Just started Road 96 today and it’s a fantastic interactive fiction game with some kooky characters (and I haven’t met all of them or know any significantly well yet).

Some of the highlights of attempt 1 to cross the border of the fictional south west USA country included sucking at air hockey but ruling at spot the ball with a drunk tv airhead, calming down a trigger happy cop and her drugged up prisoner, laughing with a new friend at horn blowing a silly song, wondering if a sinister cab driver was responsible for a major accident ten years ago, enjoying a beautiful waterfall and ultimately messing up at the last hurdle by not understanding how to hold one’s breath.

Hopefully Attempt 2 and Character 2 (you play as a new character each time) will have a better run, if not a very different experience to the border.

Also been starting Lake, which is a very relaxing and chilled game where you deliver mail for fourteen days in a quiet Midwest town in 1986, and I have Cinder, Henchman Story and some Doctor Who games on my to play list too…

----------


## ZeroBG82

Just finished Elden Ring today.

Tomorrow, probably Lego Star Wars Skywalker Saga.

Considering giving Hades a try.  Looks like fun.

----------


## ETMike1988

Gears of War 4
Gears 5
Ghost Recon: Breakpoint
WWE 2K20

----------


## the illustrious mr. kenway

I decides to alternate between AC4 Black Flag and Unity.

----------


## Jackalope89

Playing Halo Infinite to continue to wash my palate of the Paramount+ version.

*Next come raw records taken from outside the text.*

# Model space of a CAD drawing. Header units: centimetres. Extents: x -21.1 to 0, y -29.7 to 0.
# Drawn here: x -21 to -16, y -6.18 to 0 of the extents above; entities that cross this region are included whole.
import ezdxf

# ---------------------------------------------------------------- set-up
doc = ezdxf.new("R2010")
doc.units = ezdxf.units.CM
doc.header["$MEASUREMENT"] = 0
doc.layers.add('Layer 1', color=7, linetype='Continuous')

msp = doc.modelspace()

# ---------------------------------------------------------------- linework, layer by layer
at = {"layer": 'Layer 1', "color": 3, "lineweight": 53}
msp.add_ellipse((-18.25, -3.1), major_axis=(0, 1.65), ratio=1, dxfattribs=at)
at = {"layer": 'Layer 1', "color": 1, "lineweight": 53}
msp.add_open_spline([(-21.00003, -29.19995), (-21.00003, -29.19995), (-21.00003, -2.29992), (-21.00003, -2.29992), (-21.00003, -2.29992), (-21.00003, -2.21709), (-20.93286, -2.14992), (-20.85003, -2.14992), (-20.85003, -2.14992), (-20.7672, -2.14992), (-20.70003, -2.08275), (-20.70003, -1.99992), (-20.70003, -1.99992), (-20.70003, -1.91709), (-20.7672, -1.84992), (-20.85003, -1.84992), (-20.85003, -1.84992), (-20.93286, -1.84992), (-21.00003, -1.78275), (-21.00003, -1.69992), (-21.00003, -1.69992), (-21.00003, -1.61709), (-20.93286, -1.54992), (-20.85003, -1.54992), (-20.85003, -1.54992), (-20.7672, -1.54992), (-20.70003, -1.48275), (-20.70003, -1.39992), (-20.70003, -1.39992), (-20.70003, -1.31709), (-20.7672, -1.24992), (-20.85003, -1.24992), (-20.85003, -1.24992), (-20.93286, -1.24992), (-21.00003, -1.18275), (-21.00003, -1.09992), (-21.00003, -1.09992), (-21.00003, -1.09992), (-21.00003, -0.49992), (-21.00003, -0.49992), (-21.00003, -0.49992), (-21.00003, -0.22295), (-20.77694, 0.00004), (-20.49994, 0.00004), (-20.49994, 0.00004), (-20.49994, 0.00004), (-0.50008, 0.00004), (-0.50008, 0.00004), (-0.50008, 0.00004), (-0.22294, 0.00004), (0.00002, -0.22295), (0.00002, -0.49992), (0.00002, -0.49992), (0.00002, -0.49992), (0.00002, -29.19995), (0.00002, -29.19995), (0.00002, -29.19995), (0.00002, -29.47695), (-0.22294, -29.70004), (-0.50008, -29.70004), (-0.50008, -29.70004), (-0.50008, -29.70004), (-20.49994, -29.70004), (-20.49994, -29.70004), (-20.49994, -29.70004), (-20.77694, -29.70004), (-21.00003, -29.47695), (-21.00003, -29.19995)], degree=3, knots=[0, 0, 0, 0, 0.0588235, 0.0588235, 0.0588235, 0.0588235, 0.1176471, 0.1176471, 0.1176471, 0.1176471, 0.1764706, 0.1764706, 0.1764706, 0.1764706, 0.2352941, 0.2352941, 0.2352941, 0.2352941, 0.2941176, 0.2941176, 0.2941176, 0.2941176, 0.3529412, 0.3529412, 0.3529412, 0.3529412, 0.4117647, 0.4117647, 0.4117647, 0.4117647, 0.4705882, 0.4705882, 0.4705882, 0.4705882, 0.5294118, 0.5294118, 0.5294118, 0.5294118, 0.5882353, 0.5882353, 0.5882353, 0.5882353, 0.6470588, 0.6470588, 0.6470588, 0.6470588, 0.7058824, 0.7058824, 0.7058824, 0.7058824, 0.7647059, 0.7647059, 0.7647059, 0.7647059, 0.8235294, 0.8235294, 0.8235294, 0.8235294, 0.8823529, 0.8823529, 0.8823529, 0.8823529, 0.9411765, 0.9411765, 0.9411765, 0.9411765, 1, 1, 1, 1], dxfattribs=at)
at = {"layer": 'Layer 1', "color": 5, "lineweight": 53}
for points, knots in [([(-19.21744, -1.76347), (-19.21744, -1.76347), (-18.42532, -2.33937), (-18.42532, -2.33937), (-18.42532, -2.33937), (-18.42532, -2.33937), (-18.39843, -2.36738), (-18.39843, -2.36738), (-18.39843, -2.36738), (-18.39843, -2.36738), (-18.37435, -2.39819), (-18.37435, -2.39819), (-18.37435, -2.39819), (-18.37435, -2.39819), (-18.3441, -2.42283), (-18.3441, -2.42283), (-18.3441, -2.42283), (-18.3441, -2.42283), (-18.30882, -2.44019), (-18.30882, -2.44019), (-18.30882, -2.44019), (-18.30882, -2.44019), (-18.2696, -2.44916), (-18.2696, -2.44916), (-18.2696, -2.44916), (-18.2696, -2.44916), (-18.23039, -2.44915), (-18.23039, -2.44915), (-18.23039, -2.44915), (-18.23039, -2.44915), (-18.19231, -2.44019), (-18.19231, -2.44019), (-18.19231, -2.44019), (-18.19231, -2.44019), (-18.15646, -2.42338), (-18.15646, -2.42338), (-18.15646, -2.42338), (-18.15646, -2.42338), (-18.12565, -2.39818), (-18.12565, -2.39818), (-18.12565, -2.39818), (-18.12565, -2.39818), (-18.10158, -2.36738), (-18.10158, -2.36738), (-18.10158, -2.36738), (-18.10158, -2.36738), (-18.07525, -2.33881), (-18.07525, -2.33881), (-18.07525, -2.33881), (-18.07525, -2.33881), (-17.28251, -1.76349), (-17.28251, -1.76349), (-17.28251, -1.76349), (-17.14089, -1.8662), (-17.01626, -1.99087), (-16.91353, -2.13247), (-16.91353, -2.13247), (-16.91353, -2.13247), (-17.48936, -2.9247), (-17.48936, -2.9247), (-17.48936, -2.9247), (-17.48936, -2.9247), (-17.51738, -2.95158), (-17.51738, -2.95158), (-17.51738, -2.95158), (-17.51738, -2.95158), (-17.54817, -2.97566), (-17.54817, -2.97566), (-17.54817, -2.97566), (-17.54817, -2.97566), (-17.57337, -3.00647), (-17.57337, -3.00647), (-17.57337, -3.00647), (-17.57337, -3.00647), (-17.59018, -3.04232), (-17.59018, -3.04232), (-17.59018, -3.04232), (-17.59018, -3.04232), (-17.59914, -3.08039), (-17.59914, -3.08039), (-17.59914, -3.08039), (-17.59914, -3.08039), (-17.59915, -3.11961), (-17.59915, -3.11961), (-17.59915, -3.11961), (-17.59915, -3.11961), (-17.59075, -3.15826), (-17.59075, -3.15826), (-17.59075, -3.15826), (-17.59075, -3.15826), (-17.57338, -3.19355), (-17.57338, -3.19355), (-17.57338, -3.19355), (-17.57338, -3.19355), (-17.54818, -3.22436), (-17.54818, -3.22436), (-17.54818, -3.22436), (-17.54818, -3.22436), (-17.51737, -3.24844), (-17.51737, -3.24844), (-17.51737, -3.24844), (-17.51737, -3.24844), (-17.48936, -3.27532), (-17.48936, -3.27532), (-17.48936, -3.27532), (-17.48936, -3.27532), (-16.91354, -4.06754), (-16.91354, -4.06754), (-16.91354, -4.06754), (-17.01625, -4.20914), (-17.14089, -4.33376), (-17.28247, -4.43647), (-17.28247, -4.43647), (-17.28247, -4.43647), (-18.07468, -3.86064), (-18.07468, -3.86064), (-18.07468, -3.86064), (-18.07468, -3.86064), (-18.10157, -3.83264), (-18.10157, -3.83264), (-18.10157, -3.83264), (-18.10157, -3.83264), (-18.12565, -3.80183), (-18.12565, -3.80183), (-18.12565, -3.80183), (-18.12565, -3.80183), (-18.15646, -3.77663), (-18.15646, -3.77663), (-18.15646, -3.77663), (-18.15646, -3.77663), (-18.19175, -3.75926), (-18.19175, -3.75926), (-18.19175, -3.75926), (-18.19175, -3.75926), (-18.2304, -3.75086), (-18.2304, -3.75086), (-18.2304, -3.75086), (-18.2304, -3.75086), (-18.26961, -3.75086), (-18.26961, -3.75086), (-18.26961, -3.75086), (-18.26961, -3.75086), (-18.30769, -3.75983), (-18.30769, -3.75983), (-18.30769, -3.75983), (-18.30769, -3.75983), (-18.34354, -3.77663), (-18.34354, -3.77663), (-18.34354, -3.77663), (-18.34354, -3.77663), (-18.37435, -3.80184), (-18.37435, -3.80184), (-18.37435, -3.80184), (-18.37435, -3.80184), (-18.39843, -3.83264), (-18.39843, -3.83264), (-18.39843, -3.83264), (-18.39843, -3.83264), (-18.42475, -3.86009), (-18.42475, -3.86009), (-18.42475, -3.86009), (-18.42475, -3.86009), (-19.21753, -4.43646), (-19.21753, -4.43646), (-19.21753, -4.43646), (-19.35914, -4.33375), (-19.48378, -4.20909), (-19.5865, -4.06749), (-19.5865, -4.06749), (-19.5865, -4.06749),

Probably do a replay of the MC Collection afterwards.

----------


## charliehustle415

taking a break from Elden Ring and started up Mass Effect Legendary Edition, I picked it up a while ago on sale and this is my first time playing it.

I am about 10 hours in and it's interesting but kinda slow and a little boring I wonder if the second game kicks it into high gear

----------


## Robotech Master

Finished the Trails of Cold Steel Tetralogy.

Will move into Triangle Strategy next.

----------


## Jackalope89

> taking a break from Elden Ring and started up Mass Effect Legendary Edition, I picked it up a while ago on sale and this is my first time playing it.
> 
> I am about 10 hours in and it's interesting but kinda slow and a little boring I wonder if the second game kicks it into high gear


First game is kind of slow, but its the story aspects you should pay attention to. ME2 picks it up both in terms of story and action. ME3, moreso. Until the ending(s) that still leaves me conflicted. And though not included, the multiplayer was very fun for a simple horde mode game. Though, it did take a lot of tweaks and updates before things like getting shot out into space stopped.

----------


## YounG03

MiddleEarth Shadow of War for PS4. It has my attention. The  isuals are beautiful and the combat is similar to the PS4 Batman games

----------


## Xero Kaiser

-Just finished Stranger of Paradise.  Pretty cool game but it's hard to shake the feeling that it's basically Nioh-lite since almost everything feels like it's at least one step back from Nioh 2.  And I don't know why SE cheaped out on the budget because this is one of the most distractingly ugly games I've played in a while.  But if you can get past that, the combat and build variety is great and I thought Jack was one of the more entertaining FF protagonists out there (granted, I think most FF heroes are bland as hell).

Aside from that

-Total War: Warhammer 3
-Lost Ark

----------


## Starter Set

Ghost in the Shell: Stand Alone Complex - First Assault Online.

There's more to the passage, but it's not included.